The short version of the question: I am looking for a speech recognition software that runs on Linux and has decent accuracy and usability. Any license and price is fine. It should not be restricted to voice commands, as I want to be able to dictate text.
More details:
I have unsatisfyingly tried the following:
- CMU Sphinx
- CVoiceControl
- Ears
- Julius
- Kaldi (e.g., Kaldi GStreamer server)
- IBM ViaVoice (used to run on Linux but was discontinued years ago)
- NICO ANN Toolkit
- OpenMindSpeech
- RWTH ASR
- shout
- silvius (built on the Kaldi speech recognition toolkit)
- Simon Listens
- ViaVoice / Xvoice
- Wine + Dragon NaturallySpeaking + NatLink + dragonfly + damselfly
- https://github.com/DragonComputer/Dragonfire: only accepts voice commands
All the above-mentioned native Linux solutions have both poor accuracy and usability (or some don't allow free-text dictation but only voice commands). By poor accuracy, I mean an accuracy significantly below the one the speech recognition software I mentioned below for other platforms have. As for Wine + Dragon NaturallySpeaking, in my experience it keeps crashing, and I don't seem to be the only one to have such issues unfortunately.

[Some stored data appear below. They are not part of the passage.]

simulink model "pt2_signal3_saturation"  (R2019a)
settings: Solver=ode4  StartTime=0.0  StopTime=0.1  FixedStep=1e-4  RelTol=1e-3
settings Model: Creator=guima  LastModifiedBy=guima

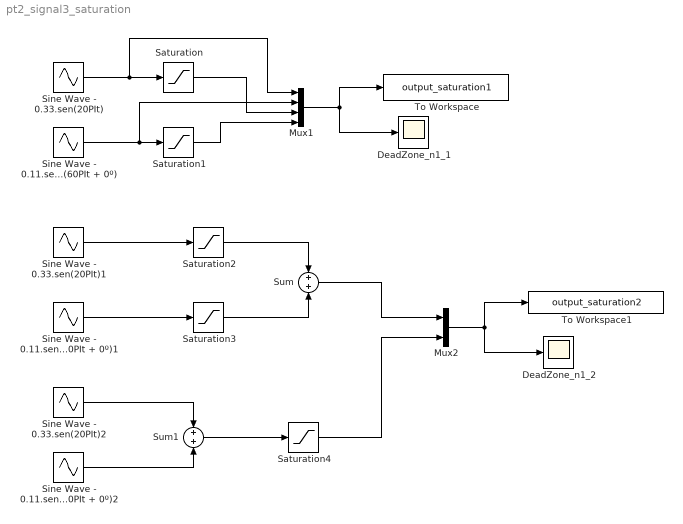
== system pt2_signal3_saturation ==
  "DeadZone_n1_1 " : Scope
  DeadZone_n1_2 : Scope
  Mux1 : Mux
  Mux2 : Mux  Inputs=2
  Saturation{,1..4} (5 alike) : Saturate  UpperLimit=0.1  LowerLimit=-0.1
  Sine Wave - 0.11.sen(60PIt + 0º) : Sin  Amplitude=0.11  Frequency=60*pi  SampleTime=0
  Sine Wave - 0.11.sen(60PIt + 0º)1 : Sin  Amplitude=0.11  Frequency=60*pi  SampleTime=0
  Sine Wave - 0.11.sen(60PIt + 0º)2 : Sin  Amplitude=0.11  Frequency=60*pi  SampleTime=0
  Sine Wave - 0.33.sen(20PIt) : Sin  Amplitude=0.33  Frequency=20*pi  SampleTime=0
  Sine Wave - 0.33.sen(20PIt)1 : Sin  Amplitude=0.33  Frequency=20*pi  SampleTime=0
  Sine Wave - 0.33.sen(20PIt)2 : Sin  Amplitude=0.33  Frequency=20*pi  SampleTime=0
  Sum : Sum
  Sum1 : Sum
  To Workspace : ToWorkspace  VariableName=output_saturation1  SaveFormat=Structure With Time  SampleTime=-1
  To Workspace1 : ToWorkspace  VariableName=output_saturation2  SaveFormat=Structure With Time  SampleTime=-1
  wires:
  Mux1/1 -> "DeadZone_n1_1 "/1, To Workspace/1
  Sine Wave - 0.11.sen(60PIt + 0º)/1 -> Mux1/2, Saturation1/1
  Sine Wave - 0.33.sen(20PIt)/1 -> Mux1/1, Saturation/1
  Sine Wave - 0.33.sen(20PIt)1/1 -> Saturation2/1
  Mux2/1 -> DeadZone_n1_2/1, To Workspace1/1
  Sine Wave - 0.11.sen(60PIt + 0º)1/1 -> Saturation3/1
  Sum/1 -> Mux2/1
  Sine Wave - 0.33.sen(20PIt)2/1 -> Sum1/1
  Sine Wave - 0.11.sen(60PIt + 0º)2/1 -> Sum1/2
  Sum1/1 -> Saturation4/1
  Saturation4/1 -> Mux2/2
  Saturation2/1 -> Sum/1
  Saturation3/1 -> Sum/2
  Saturation/1 -> Mux1/3
  Saturation1/1 -> Mux1/4

On Microsoft Windows I use Dragon NaturallySpeaking, on Apple Mac OS X I use Apple Dictation and DragonDictate, on Android I use Google speech recognition, and on iOS I use the built-in Apple speech recognition.
Baidu Research released yesterday the code for its speech recognition library using Connectionist Temporal Classification implemented with Torch. Benchmarks from Gigaom are encouraging as shown in the table below, but I am not aware of any good wrapper around to make it usable without quite some coding (and a large training data set):
System Clean (94) Noisy (82) Combined (176) Apple Dictation 14.24 43.76 26.73 Bing Speech 11.73 36.12 22.05 Google API 6.64 30.47 16.72 wit.ai 7.94 35.06 19.41 Deep Speech 6.56 19.06 11.85 Table 4: Results (%WER) for 3 systems evaluated on the original audio. All systems are scored only on the utterances with predictions given by all systems. The number in the parentheses next to each dataset, e.g. Clean (94), is the number of utterances scored.
There exist some very alpha open-source projects:
- https://github.com/mozilla/DeepSpeech (part of Mozilla's Vaani project: http://vaani.io (mirror))
- https://github.com/pannous/tensorflow-speech-recognition
- Vox, a system to control a Linux system using Dragon NaturallySpeaking: https://github.com/Franck-Dernoncourt/vox_linux + https://github.com/Franck-Dernoncourt/vox_windows
- https://github.com/facebookresearch/wav2letter
- https://github.com/espnet/espnet
- http://github.com/tensorflow/lingvo (to be released by Google, mentioned at Interspeech 2018)
I am also aware of this attempt at tracking states of the arts and recent results (bibliography) on speech recognition. as well as this benchmark of existing speech recognition APIs.
I am aware of Aenea, which allows speech recognition via Dragonfly on one computer to send events to another, but it has some latency cost:
I am also aware of these two talks exploring Linux option for speech recognition:
- 2016 – The Eleventh HOPE: Coding by Voice with Open Source Speech Recognition (David Williams-King)
- 2014 – Pycon: Using Python to Code by Voice (Tavis Rudd)
Best Answer
Right now I'm experimenting with using KDE connect in combination with Google speech recognition on my android smartphone.
KDE connect allows you to use your android device as an input device for your Linux computer (there are also some other features). You need to install the KDE connect app from the Google play store on your smartphone/tablet and install both kdeconnect and indicator-kdeconnect on your Linux computer. For Ubuntu systems the install goes as follows:
The downside of this installation is that it installs a bunch of KDE packages that you don't need if you don't use the KDE desktop environment.
Once you pair your android device with your computer (they have to be on the same network) you can use the android keyboard and then click/press on the mic to use Google speech recognition. As you talk, text will start to appear where ever your cursor is active on your Linux computer.
As for the results, they are a bit mixed for me as I'm currently writing some technical astrophysics document and Google speech recognition is struggling with the jargon that you don't typically read. Also forget about it figuring out punctuation or proper capitalization.